◆ EXERCISE GOAL ◆
What lines in the records below include the word "diagram"? Return each one.
►
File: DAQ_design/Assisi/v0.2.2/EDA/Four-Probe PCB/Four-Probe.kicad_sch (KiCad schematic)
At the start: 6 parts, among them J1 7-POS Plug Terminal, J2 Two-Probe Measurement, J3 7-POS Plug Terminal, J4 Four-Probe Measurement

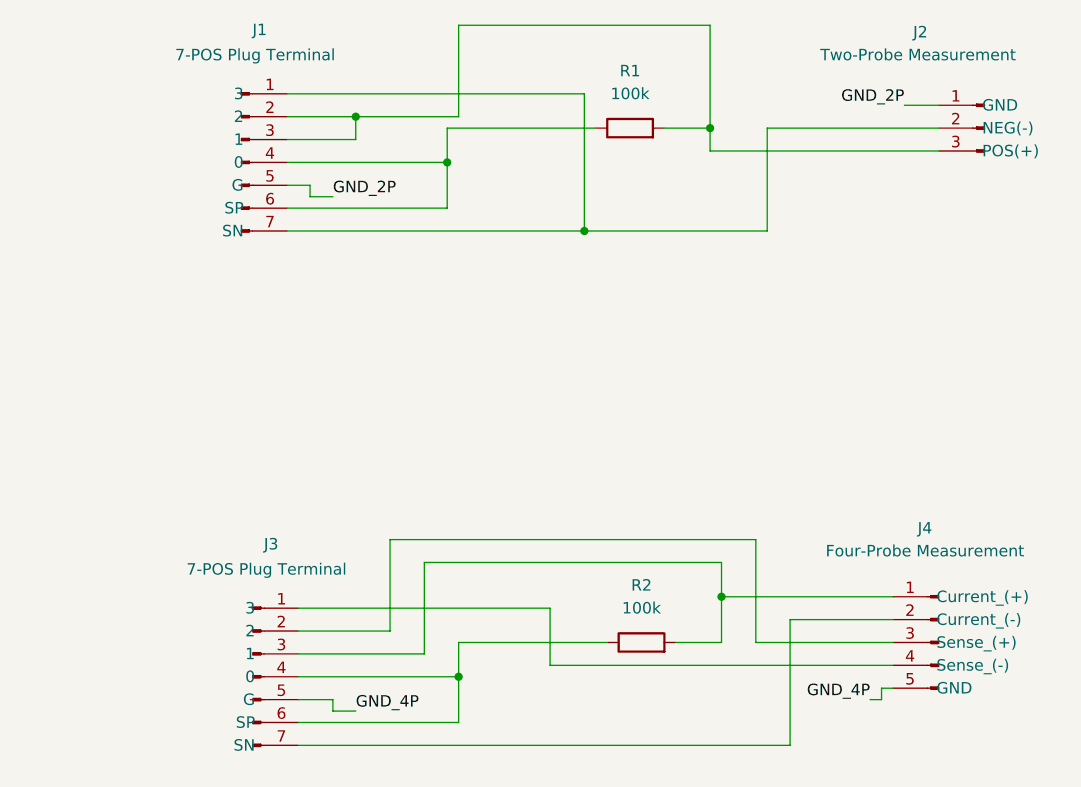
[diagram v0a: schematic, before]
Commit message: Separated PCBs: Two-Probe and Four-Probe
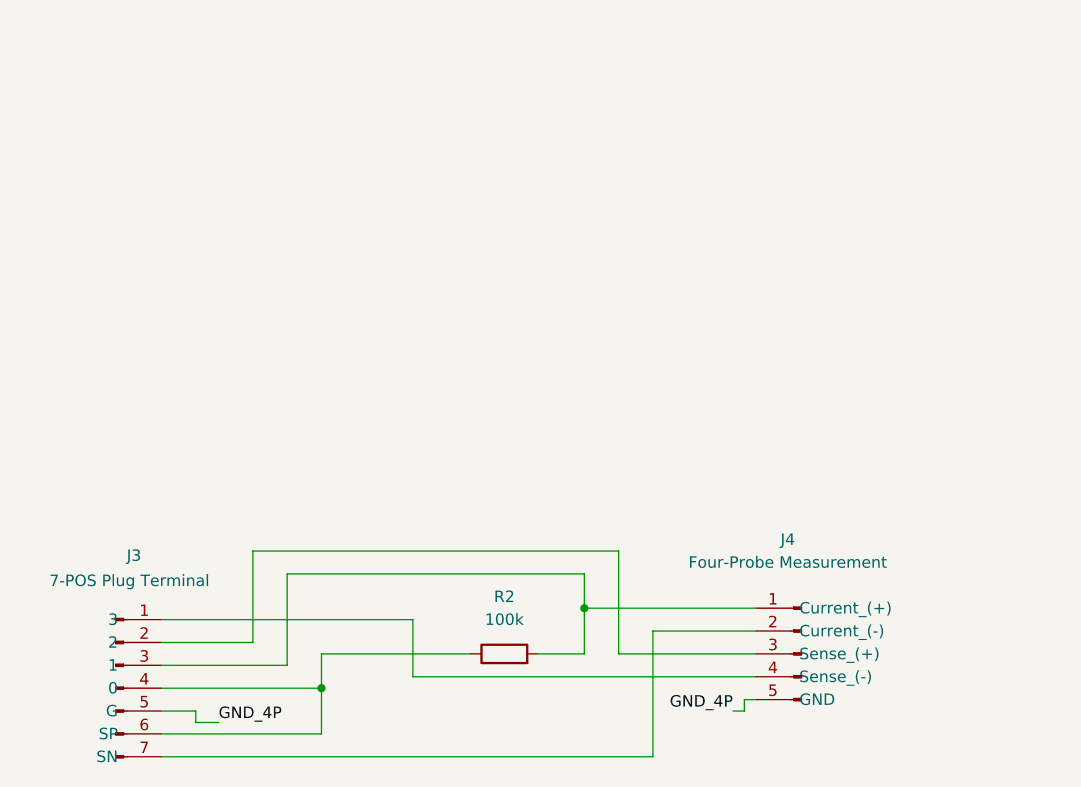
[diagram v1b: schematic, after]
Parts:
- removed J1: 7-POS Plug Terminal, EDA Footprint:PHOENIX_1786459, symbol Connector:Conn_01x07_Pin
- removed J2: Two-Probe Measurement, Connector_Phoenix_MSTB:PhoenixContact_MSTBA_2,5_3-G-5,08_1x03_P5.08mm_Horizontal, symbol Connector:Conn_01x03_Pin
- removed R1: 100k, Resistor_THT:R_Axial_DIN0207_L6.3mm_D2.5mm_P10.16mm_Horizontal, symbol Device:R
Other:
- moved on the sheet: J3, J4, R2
◄
◆ OUTPUT FOR THIS TASK ◆
[diagram v0a: schematic, before]
[diagram v1b: schematic, after]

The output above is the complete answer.